Yes Wade, thanks for the attempt at showing me humility. I've had plenty of that in my life to date, and as a result, have absolutely zero respect for any kind of authority figure. Wisdom doesn't come from books, it comes from suffering and the tests put in front of each person. And sorry, but I call a cake eater that cause I have earned the right to do so.
As for God, I'm sure God appreciates all the unnecessary cleaning he is going to need to do, cause the world has no morality and a sick, twisted sense of right and wrong. Let's just all sit on our dead asses and watch the world go further into the depths of hell. People with any kind of knowledge of these things who do absolutely nothing but watch and say it's up to God to take care of it all, are worse than those doing the evil deeds. We have responsibilities on Earth other than accumulating wealth.
Originally Posted by: DakotaT
Well, at the risk of being called an ostrich (not for the first time), or getting you (or others here) even more pissed at me that you might already be, I will only say that, yes, we have other responsibilities than wealth accumulation. If I am going to strive to obey the Great Commandment, then it's my obligation to strive to follow Him and his example. And that does mean doing a number of things and not just mouthy the airy-fairy "love they neighbor" platitudes. (which wasn't my intention with my first post) Some of them tough things.
The tough part, though is figuring out what I'm supposed to do, isn't it? Especially if my starting point is -- as I think it has to be -- admitting that in the depths of my humanity I'm just as much a cake-eater as everyone else is. Oh, maybe I haven't committed particular sins of action like various scumbags and gratuitous seekers of wealth have. But when it comes to the biggie sins -- the seven deadlies, if you will -- I've committed them all, many, many times. Far too often to claim superiority in the only eyes that matter.
Take capital punishment, since in a sense that seems to be where part of the dispute here lies
I'm sort of not against capital punishment, actually. At least I don't see myself standing with most of those who usually claim to be its opponents. In theory at least, since I believe there may be some acts so heinous, some souls irredeemable, that execution is the appropriate response.

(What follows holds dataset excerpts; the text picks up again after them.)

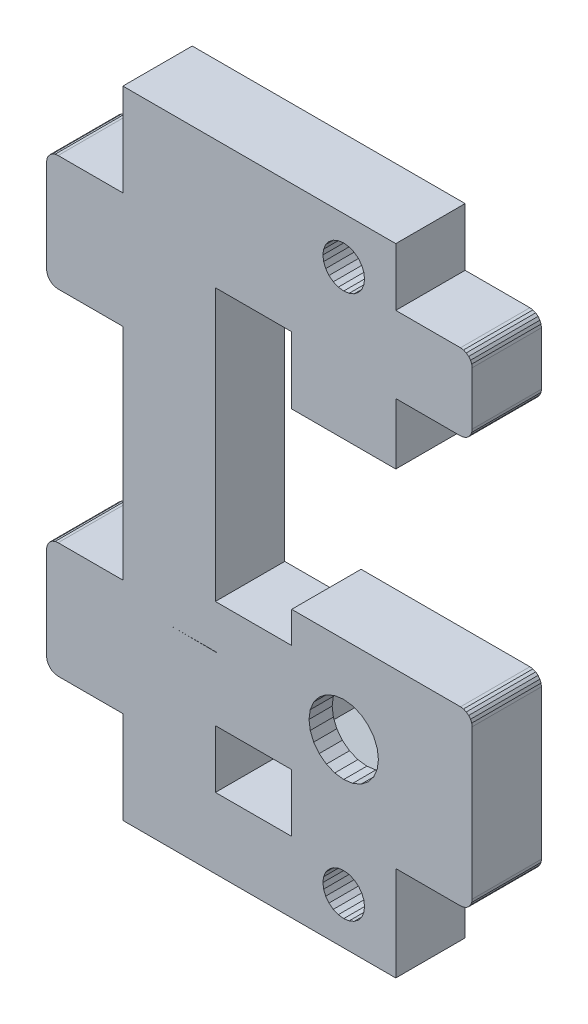
from build123d import *

# Parameters (mm, degrees)
BOSS_EXTRUDE1_DEPTH = 6
BOSS_EXTRUDE2_DEPTH = 2


with BuildPart() as part:
    # Sketch1 → Boss-Extrude1 (new body)
    with BuildSketch(Plane.XY):
        Polygon((-293.236244564, -121.556720051), (-293.336144986, -121.315539097), (-293.495063609, -121.108432315), (-293.70217039, -120.949513693), (-293.943351345, -120.84961327), (-294.20217039, -120.815539097), (-308.80217039, -120.815539097), (-308.80217039, -123.527814521), (-315.40217039, -123.527814521), (-315.40217039, -100.027814521), (-308.80217039, -100.027814521), (-308.80217039, -105.810350932), (-299.80217039, -105.810350932), (-299.80217039, -100.527814521), (-294.20217039, -100.527814521), (-293.943351345, -100.493740347), (-293.70217039, -100.393839924), (-293.495063609, -100.234921302), (-293.336144986, -100.027814521), (-293.236244564, -99.786633566), (-293.20217039, -99.527814521), (-293.20217039, -94.927814521), (-293.236244564, -94.668995475), (-293.336144986, -94.427814521), (-293.495063609, -94.220707739), (-293.70217039, -94.061789117), (-293.943351345, -93.961888694), (-294.20217039, -93.927814521), (-299.80217039, -93.927814521), (-299.80217039, -88.927814521), (-323.40217039, -88.927814521), (-323.40217039, -96.927814521), (-329.00217039, -96.927814521), (-329.260989435, -96.961888694), (-329.50217039, -97.061789117), (-329.709277171, -97.220707739), (-329.868195794, -97.427814521), (-329.968096216, -97.668995475), (-330.00217039, -97.927814521), (-330.00217039, -105.927814521), (-329.968096216, -106.186633566), (-329.868195794, -106.427814521), (-329.709277171, -106.634921302), (-329.50217039, -106.793839924), (-329.260989435, -106.893740347), (-329.00217039, -106.927814521), (-323.40217039, -106.927814521), (-323.40217039, -125.927814521), (-329.00217039, -125.927814521), (-329.260989435, -125.961888694), (-329.50217039, -126.061789117), (-329.709277171, -126.220707739), (-329.868195794, -126.427814521), (-329.968096216, -126.668995475), (-330.00217039, -126.927814521), (-330.00217039, -134.927814521), (-329.968096216, -135.186633566), (-329.868195794, -135.427814521), (-329.709277171, -135.634921302), (-329.50217039, -135.793839924), (-329.260989435, -135.893740347), (-329.00217039, -135.927814521), (-323.40217039, -135.927814521), (-323.40217039, -143.927814521), (-299.80217039, -143.927814521), (-299.80217039, -135.727814521), (-294.20217039, -135.727814521), (-293.943351345, -135.693740347), (-293.70217039, -135.593839924), (-293.495063609, -135.434921302), (-293.336144986, -135.227814521), (-293.236244564, -134.986633566), (-293.20217039, -134.727814521), (-293.20217039, -121.815539097), align=None)
        Polygon((-302.743324663, -140.827814521), (-302.563503903, -140.393688802), (-302.50217039, -139.927814521), (-302.563503903, -139.461940239), (-302.743324663, -139.027814521), (-303.029378184, -138.655022314), (-303.40217039, -138.368968794), (-303.836296109, -138.189148033), (-304.30217039, -138.127814521), (-304.768044671, -138.189148033), (-305.20217039, -138.368968794), (-305.574962596, -138.655022314), (-305.861016117, -139.027814521), (-306.040836877, -139.461940239), (-306.10217039, -139.927814521), (-306.040836877, -140.393688802), (-305.861016117, -140.827814521), (-305.574962596, -141.200606727), (-305.20217039, -141.486660247), (-304.768044671, -141.666481008), (-304.30217039, -141.727814521), (-303.836296109, -141.666481008), (-303.40217039, -141.486660247), (-303.029378184, -141.200606727), align=None, mode=Mode.SUBTRACT)
        Polygon((-305.861016117, -93.827814521), (-305.574962596, -94.200606727), (-305.20217039, -94.486660247), (-304.768044671, -94.666481008), (-304.30217039, -94.727814521), (-303.836296109, -94.666481008), (-303.40217039, -94.486660247), (-303.029378184, -94.200606727), (-302.743324663, -93.827814521), (-302.563503903, -93.393688802), (-302.50217039, -92.927814521), (-302.563503903, -92.461940239), (-302.743324663, -92.027814521), (-303.029378184, -91.655022314), (-303.40217039, -91.368968794), (-303.836296109, -91.189148033), (-304.30217039, -91.127814521), (-304.768044671, -91.189148033), (-305.20217039, -91.368968794), (-305.574962596, -91.655022314), (-305.861016117, -92.027814521), (-306.040836877, -92.461940239), (-306.10217039, -92.927814521), (-306.040836877, -93.393688802), align=None, mode=Mode.SUBTRACT)
        Polygon((-315.40217039, -132.827814521), (-315.398235108, -137.827812972), (-308.79823715, -137.822621096), (-308.80217039, -132.822622643), align=None, mode=Mode.SUBTRACT)
        Polygon((-308.80217039, -130.908427143), (-304.30217039, -133.506503354), (-299.80217039, -130.908427143), (-299.80217039, -125.71227472), (-304.30217039, -123.114198509), (-308.80217039, -125.71227472), align=None, mode=Mode.SUBTRACT)
        Polygon((-315.359812177, -127.280109863), (-315.263602907, -127.300206805), (-319.168644113, -127.280109863), align=None, mode=Mode.SUBTRACT)
    extrude(amount=-BOSS_EXTRUDE1_DEPTH)

    # Sketch1_3 → Boss-Extrude2 (add)
    with BuildSketch(Plane.XY):
        Polygon((-304.30217039, -123.114198509), (-308.80217039, -125.71227472), (-308.80217039, -130.908427143), (-304.30217039, -133.506503354), (-299.80217039, -130.908427143), (-299.80217039, -125.71227472), align=None)
        Polygon((-308.60217039, -130.792957089), (-304.30217039, -133.275563247), (-300.00217039, -130.792957089), (-300.00217039, -125.827744774), (-304.30217039, -123.345138617), (-308.60217039, -125.827744774), align=None, mode=Mode.SUBTRACT)
        Polygon((-308.60217039, -125.827744774), (-308.60217039, -130.792957089), (-304.30217039, -133.275563247), (-300.00217039, -130.792957089), (-300.00217039, -125.827744774), (-304.30217039, -123.345138617), align=None)
        Polygon((-304.30217039, -123.576078724), (-308.40217039, -125.943214828), (-308.40217039, -130.677487035), (-304.30217039, -133.044623139), (-300.20217039, -130.677487035), (-300.20217039, -125.943214828), align=None, mode=Mode.SUBTRACT)
        Polygon((-300.20217039, -125.943214828), (-304.30217039, -123.576078724), (-308.40217039, -125.943214828), (-308.40217039, -130.677487035), (-304.30217039, -133.044623139), (-300.20217039, -130.677487035), align=None)
        Polygon((-300.40217039, -126.058684882), (-304.30217039, -123.807018832), (-308.20217039, -126.058684882), (-308.20217039, -130.562016981), (-304.30217039, -132.813683031), (-300.40217039, -130.562016981), align=None, mode=Mode.SUBTRACT)
        Polygon((-300.40217039, -130.562016981), (-300.40217039, -126.058684882), (-304.30217039, -123.807018832), (-308.20217039, -126.058684882), (-308.20217039, -130.562016981), (-304.30217039, -132.813683031), align=None)
        Polygon((-300.60217039, -126.174154936), (-304.30217039, -124.03795894), (-308.00217039, -126.174154936), (-308.00217039, -130.446546928), (-304.30217039, -132.582742924), (-300.60217039, -130.446546928), align=None, mode=Mode.SUBTRACT)
        Polygon((-300.60217039, -130.446546928), (-300.60217039, -126.174154936), (-304.30217039, -124.03795894), (-308.00217039, -126.174154936), (-308.00217039, -130.446546928), (-304.30217039, -132.582742924), align=None)
        Polygon((-307.80217039, -130.331076874), (-304.30217039, -132.351802816), (-300.80217039, -130.331076874), (-300.80217039, -126.289624989), (-304.30217039, -124.268899047), (-307.80217039, -126.289624989), align=None, mode=Mode.SUBTRACT)
        Polygon((-307.80217039, -126.289624989), (-307.80217039, -130.331076874), (-304.30217039, -132.351802816), (-300.80217039, -130.331076874), (-300.80217039, -126.289624989), (-304.30217039, -124.268899047), align=None)
        Polygon((-301.00217039, -126.405095043), (-304.30217039, -124.499839155), (-307.60217039, -126.405095043), (-307.60217039, -130.21560682), (-304.30217039, -132.120862708), (-301.00217039, -130.21560682), align=None, mode=Mode.SUBTRACT)
        Polygon((-301.00217039, -130.21560682), (-301.00217039, -126.405095043), (-304.30217039, -124.499839155), (-307.60217039, -126.405095043), (-307.60217039, -130.21560682), (-304.30217039, -132.120862708), align=None)
        Polygon((-307.40217039, -130.100136766), (-304.30217039, -131.889922601), (-301.20217039, -130.100136766), (-301.20217039, -126.520565097), (-304.30217039, -124.730779263), (-307.40217039, -126.520565097), align=None, mode=Mode.SUBTRACT)
        Polygon((-307.40217039, -126.520565097), (-307.40217039, -130.100136766), (-304.30217039, -131.889922601), (-301.20217039, -130.100136766), (-301.20217039, -126.520565097), (-304.30217039, -124.730779263), align=None)
        Polygon((-302.180850046, -130.431671275), (-301.704094179, -129.810350932), (-301.404392911, -129.086808067), (-301.30217039, -128.310350932), (-301.404392911, -127.533893796), (-301.704094179, -126.810350932), (-302.180850046, -126.189030588), (-302.80217039, -125.71227472), (-303.525713255, -125.412573453), (-304.30217039, -125.310350932), (-305.078627525, -125.412573453), (-305.80217039, -125.71227472), (-306.423490733, -126.189030588), (-306.900246601, -126.810350932), (-307.199947869, -127.533893796), (-307.30217039, -128.310350932), (-307.199947869, -129.086808067), (-306.900246601, -129.810350932), (-306.423490733, -130.431671275), (-305.80217039, -130.908427143), (-305.078627525, -131.208128411), (-304.30217039, -131.310350932), (-303.525713255, -131.208128411), (-302.80217039, -130.908427143), align=None, mode=Mode.SUBTRACT)
    extrude(amount=-BOSS_EXTRUDE2_DEPTH)


solid = part.part

But I'm also no longer able to call myself a proponent of it, either. Because I can't say that I'd be willing to pull the trigger or make the lethal injection or whatever.
If the next Hitler or the next bin Laden were standing in front of me with his finger on a nuke's "Boom" button, sure, and the only way to stop him is to kill him first, sure, that I could do. But that's not capital punishment, and its not ridding the world of a scumbag cake-eater. It's simply self-defense and the defense of others.
But if that scumbag is already in handcuffs or in a concrete cell with six guards and concertina wire? Then I couldn't. Because then its me claiming what is God's prerogative.
Then it's not me "leaving it up to God". Then it's me claiming my judgment is superior to His. And that's the sin of pride all over again.
I don't know why God suffers evil to live. I don't get it at all, quite frankly. But I do believe He has His reasons. And I do believe that because they are His reasons, they are good ones. And that if He thinks I need to know, He'll explain it to me, either in this world or the next.
Meanwhile, I'll act as if part of the reason is that he must be suffering evil to live because he is still hoping for that evildoer to repent, to put his fate in His hands. And I'll suffer evil with Him.
Or, if you prefer, be an ostrich.
Because to me, that's what's being responsible means.
But that's me. It may not be the right response for you. I would rather you read God the way I do, but I don't claim to know what God wants of you. My knowledge of God's will is not sufficient -- and I am starting to believe it will never be sufficient -- for me to claim authority for knowing what another person ought to do in pursuit of His Great Commandment. All I know for sure is that I want you to make your decisions believing that they do so following that Commandment.
Because if you do, or then I know God is happy with you. And that is all that matters.
And do not be conformed to this world, but be transformed by the renewing of your mind, that you may prove what is that good and acceptable and perfect will of God.